Quality of Life Observer

- Global

- May 23 2016

Steelcase and IPSOS take an unprecedented look into the role that the workplace plays in employee engagement. Engagement and the Global Workplace, which surveyed 12,480 employees across 17 countries, unveils global learnings backed by hard numbers.


Engagement is one of the buzziest of buzzwords in the workplace today. Companies know that their ability to compete in the ever more competitive global landscape requires an engaged workforce. A workforce that is productive, creative and innovative. But what are the keys to raising employee engagement? The joint study conducted by Steelcase and IPSOS focuses on one crucial element of employee engagement: the workplace.

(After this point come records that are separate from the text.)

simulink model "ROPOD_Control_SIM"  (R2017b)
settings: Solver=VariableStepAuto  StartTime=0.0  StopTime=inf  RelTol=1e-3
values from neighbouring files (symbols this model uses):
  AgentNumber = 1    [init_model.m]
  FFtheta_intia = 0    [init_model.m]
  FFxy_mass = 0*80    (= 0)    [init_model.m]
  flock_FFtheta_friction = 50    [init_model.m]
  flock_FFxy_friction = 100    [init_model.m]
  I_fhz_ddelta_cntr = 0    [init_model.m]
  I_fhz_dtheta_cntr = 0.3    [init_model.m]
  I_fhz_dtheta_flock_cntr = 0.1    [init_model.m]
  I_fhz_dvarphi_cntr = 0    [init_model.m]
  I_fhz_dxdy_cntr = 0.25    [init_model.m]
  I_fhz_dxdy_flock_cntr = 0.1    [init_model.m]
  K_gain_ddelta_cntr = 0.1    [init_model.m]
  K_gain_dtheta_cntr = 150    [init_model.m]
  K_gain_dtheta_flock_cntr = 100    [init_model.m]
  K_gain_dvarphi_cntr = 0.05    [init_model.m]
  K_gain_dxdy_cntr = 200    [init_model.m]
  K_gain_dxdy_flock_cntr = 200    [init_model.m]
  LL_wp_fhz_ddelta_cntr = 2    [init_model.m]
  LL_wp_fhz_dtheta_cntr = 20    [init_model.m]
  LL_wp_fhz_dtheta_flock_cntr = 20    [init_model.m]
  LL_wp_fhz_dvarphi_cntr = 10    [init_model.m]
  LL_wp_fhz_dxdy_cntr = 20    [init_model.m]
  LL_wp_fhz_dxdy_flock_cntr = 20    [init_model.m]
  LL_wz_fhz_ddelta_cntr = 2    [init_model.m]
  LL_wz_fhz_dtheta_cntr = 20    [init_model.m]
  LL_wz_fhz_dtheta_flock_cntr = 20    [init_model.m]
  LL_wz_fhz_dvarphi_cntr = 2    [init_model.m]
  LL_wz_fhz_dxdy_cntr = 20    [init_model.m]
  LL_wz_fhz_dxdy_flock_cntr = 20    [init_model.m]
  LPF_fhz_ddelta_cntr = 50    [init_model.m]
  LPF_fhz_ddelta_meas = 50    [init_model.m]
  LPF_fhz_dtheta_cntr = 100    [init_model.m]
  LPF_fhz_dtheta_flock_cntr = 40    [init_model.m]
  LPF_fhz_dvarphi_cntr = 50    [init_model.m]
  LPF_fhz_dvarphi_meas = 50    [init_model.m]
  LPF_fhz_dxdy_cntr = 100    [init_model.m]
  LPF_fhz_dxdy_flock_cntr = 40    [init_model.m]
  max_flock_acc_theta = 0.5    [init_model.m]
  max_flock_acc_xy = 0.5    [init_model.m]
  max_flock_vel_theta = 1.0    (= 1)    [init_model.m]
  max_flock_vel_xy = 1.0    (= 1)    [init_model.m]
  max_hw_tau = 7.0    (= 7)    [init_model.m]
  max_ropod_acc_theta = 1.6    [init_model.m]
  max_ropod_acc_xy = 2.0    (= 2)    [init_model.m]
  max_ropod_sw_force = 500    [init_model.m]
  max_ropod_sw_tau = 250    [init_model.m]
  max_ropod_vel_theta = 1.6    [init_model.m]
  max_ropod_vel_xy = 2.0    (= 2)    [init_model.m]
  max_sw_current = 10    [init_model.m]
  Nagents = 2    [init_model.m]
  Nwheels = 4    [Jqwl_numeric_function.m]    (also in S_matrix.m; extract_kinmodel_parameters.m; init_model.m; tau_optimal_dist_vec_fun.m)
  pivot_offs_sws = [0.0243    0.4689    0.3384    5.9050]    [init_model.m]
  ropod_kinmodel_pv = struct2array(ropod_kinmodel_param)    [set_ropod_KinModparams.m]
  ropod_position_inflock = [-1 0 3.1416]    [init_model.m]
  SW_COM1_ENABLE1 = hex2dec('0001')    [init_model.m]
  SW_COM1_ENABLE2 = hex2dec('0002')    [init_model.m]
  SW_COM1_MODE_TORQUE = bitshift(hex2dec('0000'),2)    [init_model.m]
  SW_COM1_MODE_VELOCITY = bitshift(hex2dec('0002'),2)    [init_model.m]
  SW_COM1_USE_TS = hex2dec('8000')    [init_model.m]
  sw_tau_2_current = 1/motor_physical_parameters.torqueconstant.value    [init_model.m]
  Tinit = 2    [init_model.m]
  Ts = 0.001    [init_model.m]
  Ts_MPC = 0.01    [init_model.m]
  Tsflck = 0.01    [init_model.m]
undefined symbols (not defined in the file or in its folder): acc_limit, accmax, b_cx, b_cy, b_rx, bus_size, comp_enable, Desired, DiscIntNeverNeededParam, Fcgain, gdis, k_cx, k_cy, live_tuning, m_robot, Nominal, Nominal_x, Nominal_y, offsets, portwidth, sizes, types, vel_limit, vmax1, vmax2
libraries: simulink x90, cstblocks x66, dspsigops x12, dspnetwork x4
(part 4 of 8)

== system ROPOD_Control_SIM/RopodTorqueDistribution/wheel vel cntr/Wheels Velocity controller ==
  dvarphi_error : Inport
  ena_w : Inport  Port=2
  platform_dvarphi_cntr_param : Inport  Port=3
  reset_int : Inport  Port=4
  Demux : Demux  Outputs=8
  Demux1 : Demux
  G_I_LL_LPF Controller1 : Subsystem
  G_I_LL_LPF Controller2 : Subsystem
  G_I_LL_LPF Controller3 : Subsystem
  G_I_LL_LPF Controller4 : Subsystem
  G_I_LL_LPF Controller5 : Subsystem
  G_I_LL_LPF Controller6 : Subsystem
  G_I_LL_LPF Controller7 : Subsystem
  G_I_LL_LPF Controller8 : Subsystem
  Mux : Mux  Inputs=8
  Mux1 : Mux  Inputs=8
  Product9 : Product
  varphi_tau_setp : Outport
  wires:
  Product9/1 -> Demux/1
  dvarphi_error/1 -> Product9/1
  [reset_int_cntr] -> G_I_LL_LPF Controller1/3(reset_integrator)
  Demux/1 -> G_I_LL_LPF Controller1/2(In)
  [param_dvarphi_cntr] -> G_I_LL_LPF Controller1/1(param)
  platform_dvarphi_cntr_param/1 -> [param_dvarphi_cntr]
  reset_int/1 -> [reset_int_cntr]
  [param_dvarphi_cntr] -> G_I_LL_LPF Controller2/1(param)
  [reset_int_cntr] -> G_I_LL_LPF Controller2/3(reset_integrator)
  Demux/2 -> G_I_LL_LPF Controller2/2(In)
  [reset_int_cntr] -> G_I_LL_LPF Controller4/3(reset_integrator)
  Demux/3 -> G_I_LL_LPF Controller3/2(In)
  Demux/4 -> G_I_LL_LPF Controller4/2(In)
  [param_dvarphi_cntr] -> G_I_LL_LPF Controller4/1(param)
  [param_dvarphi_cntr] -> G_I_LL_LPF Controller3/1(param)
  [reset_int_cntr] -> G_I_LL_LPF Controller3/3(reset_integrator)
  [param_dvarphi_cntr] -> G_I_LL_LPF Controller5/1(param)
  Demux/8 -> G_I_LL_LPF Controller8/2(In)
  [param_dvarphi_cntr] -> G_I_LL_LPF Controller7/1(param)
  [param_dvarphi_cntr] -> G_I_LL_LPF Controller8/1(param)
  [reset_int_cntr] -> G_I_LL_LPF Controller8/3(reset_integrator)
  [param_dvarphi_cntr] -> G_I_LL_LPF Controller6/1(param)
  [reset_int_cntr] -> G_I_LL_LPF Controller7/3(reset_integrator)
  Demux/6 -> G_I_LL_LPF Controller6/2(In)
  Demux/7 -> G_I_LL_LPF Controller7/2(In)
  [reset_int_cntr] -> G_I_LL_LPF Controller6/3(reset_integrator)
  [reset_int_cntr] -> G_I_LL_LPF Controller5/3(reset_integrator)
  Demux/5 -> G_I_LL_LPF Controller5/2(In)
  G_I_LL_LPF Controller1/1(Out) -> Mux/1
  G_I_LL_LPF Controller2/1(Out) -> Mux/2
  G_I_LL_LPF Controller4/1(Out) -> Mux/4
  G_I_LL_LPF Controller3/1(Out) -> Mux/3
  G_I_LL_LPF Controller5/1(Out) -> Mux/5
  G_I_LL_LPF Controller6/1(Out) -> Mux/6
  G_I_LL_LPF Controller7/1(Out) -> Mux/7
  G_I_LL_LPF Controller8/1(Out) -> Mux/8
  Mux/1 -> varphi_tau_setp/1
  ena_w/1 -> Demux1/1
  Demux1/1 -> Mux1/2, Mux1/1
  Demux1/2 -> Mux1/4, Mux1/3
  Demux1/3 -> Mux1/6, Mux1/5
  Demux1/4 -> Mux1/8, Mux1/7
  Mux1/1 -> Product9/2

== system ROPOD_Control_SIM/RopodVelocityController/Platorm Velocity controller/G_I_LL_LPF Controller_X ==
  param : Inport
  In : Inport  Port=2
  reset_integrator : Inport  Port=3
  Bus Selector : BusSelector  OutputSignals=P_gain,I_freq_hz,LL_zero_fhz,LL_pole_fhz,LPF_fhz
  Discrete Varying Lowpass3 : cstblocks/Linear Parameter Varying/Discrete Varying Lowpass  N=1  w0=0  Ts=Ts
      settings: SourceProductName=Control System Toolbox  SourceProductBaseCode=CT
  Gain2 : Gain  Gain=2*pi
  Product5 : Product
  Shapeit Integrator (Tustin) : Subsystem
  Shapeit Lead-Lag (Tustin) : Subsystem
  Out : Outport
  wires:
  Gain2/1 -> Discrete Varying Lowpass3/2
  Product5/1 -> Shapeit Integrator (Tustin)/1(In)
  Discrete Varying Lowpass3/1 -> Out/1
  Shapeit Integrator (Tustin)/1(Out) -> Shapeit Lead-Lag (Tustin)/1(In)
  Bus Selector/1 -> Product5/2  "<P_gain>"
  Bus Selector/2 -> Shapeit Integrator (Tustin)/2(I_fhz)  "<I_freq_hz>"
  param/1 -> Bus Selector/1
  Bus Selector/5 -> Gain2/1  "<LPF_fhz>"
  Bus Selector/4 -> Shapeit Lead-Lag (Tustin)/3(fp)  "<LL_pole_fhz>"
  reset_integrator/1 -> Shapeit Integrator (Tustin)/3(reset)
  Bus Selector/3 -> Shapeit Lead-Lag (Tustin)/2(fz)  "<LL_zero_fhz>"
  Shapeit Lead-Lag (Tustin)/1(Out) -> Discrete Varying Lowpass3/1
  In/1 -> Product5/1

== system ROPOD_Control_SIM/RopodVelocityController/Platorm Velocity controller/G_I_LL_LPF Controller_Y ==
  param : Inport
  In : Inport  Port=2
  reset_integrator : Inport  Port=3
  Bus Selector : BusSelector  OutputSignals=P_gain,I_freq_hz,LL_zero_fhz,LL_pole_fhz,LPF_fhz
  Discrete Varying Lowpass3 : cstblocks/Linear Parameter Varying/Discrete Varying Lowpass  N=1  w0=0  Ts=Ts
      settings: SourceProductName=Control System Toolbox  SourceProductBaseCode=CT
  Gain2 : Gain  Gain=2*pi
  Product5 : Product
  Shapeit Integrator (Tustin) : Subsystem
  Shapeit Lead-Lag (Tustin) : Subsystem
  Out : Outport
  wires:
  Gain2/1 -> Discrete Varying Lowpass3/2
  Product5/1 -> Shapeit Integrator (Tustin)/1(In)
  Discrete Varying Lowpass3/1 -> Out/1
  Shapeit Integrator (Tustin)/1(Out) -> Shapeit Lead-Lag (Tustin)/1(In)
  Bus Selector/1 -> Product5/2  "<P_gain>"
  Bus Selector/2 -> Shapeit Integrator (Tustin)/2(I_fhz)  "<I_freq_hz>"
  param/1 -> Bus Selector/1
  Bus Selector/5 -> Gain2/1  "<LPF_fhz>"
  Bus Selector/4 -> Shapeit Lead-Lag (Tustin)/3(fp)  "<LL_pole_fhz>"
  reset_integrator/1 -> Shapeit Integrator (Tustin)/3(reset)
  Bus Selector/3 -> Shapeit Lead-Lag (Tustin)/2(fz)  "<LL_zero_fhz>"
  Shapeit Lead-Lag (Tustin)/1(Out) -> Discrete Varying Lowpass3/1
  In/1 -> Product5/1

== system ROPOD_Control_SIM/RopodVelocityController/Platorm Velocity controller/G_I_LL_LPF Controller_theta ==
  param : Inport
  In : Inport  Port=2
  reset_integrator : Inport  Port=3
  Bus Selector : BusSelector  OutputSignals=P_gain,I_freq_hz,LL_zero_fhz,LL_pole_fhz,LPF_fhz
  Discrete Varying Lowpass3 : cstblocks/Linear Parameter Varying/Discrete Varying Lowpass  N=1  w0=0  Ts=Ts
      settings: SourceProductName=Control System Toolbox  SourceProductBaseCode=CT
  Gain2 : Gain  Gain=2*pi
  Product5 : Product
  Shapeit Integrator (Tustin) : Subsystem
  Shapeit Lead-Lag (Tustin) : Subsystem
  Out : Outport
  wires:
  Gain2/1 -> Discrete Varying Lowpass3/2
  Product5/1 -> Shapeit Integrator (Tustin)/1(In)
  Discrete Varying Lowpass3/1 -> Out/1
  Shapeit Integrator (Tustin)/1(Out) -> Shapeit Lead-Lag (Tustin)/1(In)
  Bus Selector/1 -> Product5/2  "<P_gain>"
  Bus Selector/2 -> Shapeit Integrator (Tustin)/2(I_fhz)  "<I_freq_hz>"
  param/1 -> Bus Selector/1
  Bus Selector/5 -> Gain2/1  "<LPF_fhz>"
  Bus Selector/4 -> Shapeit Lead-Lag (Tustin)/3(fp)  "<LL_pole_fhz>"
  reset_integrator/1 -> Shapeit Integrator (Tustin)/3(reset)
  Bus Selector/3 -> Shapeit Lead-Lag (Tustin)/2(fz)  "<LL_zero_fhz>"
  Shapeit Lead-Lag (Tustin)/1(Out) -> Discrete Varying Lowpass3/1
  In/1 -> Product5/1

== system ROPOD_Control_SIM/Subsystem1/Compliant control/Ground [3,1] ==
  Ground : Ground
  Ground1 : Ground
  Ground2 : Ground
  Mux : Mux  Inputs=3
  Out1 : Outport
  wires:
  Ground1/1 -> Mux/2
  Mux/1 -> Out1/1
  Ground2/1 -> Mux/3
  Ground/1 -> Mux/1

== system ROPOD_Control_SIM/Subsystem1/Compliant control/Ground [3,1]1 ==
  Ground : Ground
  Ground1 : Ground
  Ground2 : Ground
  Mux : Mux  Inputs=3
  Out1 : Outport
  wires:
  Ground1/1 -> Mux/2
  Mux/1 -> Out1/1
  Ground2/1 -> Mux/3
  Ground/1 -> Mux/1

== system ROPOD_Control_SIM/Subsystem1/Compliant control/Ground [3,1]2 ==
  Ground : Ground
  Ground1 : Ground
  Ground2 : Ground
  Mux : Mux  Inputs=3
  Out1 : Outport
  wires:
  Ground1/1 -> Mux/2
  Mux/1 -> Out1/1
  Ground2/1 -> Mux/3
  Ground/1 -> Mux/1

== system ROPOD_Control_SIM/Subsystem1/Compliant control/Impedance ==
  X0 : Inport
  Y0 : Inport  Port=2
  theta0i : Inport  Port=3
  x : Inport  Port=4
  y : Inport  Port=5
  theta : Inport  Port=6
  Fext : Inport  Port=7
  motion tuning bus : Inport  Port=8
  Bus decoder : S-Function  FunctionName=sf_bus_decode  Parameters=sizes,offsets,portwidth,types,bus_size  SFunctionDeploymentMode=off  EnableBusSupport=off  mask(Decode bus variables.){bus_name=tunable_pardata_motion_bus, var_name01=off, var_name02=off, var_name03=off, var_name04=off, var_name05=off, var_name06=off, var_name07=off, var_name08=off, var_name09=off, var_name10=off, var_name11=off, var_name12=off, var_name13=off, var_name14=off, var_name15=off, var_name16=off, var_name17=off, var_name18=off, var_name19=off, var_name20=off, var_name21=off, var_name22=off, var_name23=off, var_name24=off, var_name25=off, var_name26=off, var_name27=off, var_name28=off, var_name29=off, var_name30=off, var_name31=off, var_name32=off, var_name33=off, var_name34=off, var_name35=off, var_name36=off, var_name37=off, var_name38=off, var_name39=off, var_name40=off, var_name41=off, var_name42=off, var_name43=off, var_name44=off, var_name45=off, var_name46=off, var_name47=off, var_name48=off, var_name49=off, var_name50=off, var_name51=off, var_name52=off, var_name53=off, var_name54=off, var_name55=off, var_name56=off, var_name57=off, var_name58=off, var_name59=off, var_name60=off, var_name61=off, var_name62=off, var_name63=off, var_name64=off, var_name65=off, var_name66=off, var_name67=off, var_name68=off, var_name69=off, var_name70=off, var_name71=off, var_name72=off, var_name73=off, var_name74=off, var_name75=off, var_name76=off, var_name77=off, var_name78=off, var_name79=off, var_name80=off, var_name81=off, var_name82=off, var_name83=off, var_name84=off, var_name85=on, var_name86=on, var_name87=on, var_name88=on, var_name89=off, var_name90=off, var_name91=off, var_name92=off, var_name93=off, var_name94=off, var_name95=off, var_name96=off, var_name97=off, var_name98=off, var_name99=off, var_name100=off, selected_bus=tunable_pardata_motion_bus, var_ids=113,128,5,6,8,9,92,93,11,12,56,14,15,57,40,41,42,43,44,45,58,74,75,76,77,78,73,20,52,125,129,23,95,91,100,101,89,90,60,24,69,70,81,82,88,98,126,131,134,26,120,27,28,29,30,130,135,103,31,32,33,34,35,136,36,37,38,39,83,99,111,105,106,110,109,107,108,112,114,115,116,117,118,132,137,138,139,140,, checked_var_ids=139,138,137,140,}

Workplace satisfaction yields engagement

The correlation is clear and simple – the more employees are satisfied with their workplace, the more engaged they tend to be. This learning is somewhat troubling however, seeing as only 13 percent of the global workforce is highly satisfied and thus also highly engaged. Meanwhile a similar 11 percent falls at the other end of the spectrum, being highly dissatisfied and highly disengaged.

 

When we consider that disengagement is contagious, the pressure is on for companies to tip the scales and raise employee satisfaction. Based on the survey results, many commonalities exist among the most satisfied employees. For starters, nearly all (97 percent) reported thinking positively about where they work and being happy to go to work. Engaged employees also described their work environment as one that allows them to socialize, concentrate easily, move around freely and accommodates remote work. In regards to the work atmosphere, these employees also noted that their companies take an interest in their well-being, health and safety and regularly recognize employees’ work.

Let employees control their work experience

The ability to have some level of control over their workspace was also another key factor in employee satisfaction and engagement. The study revealed that empowering employees and giving them a say in where and how they work is key. In fact, the most highly engaged employees are given the flexibility to move around the office easily depending on the type of work or project. For example, employees can work at their assigned desks, seek out a quiet area when they need to concentrate, move to a collaborative space for group work and of course, socialize in a common area during break time. Eighty-eight percent of highly engaged employees are able to choose where they work, versus just, 14 percent of highly disengaged employees. Likewise, 98 percent of highly engaged workers say they are able to concentrate easily, compared to 14 percent of those on the other end of the spectrum.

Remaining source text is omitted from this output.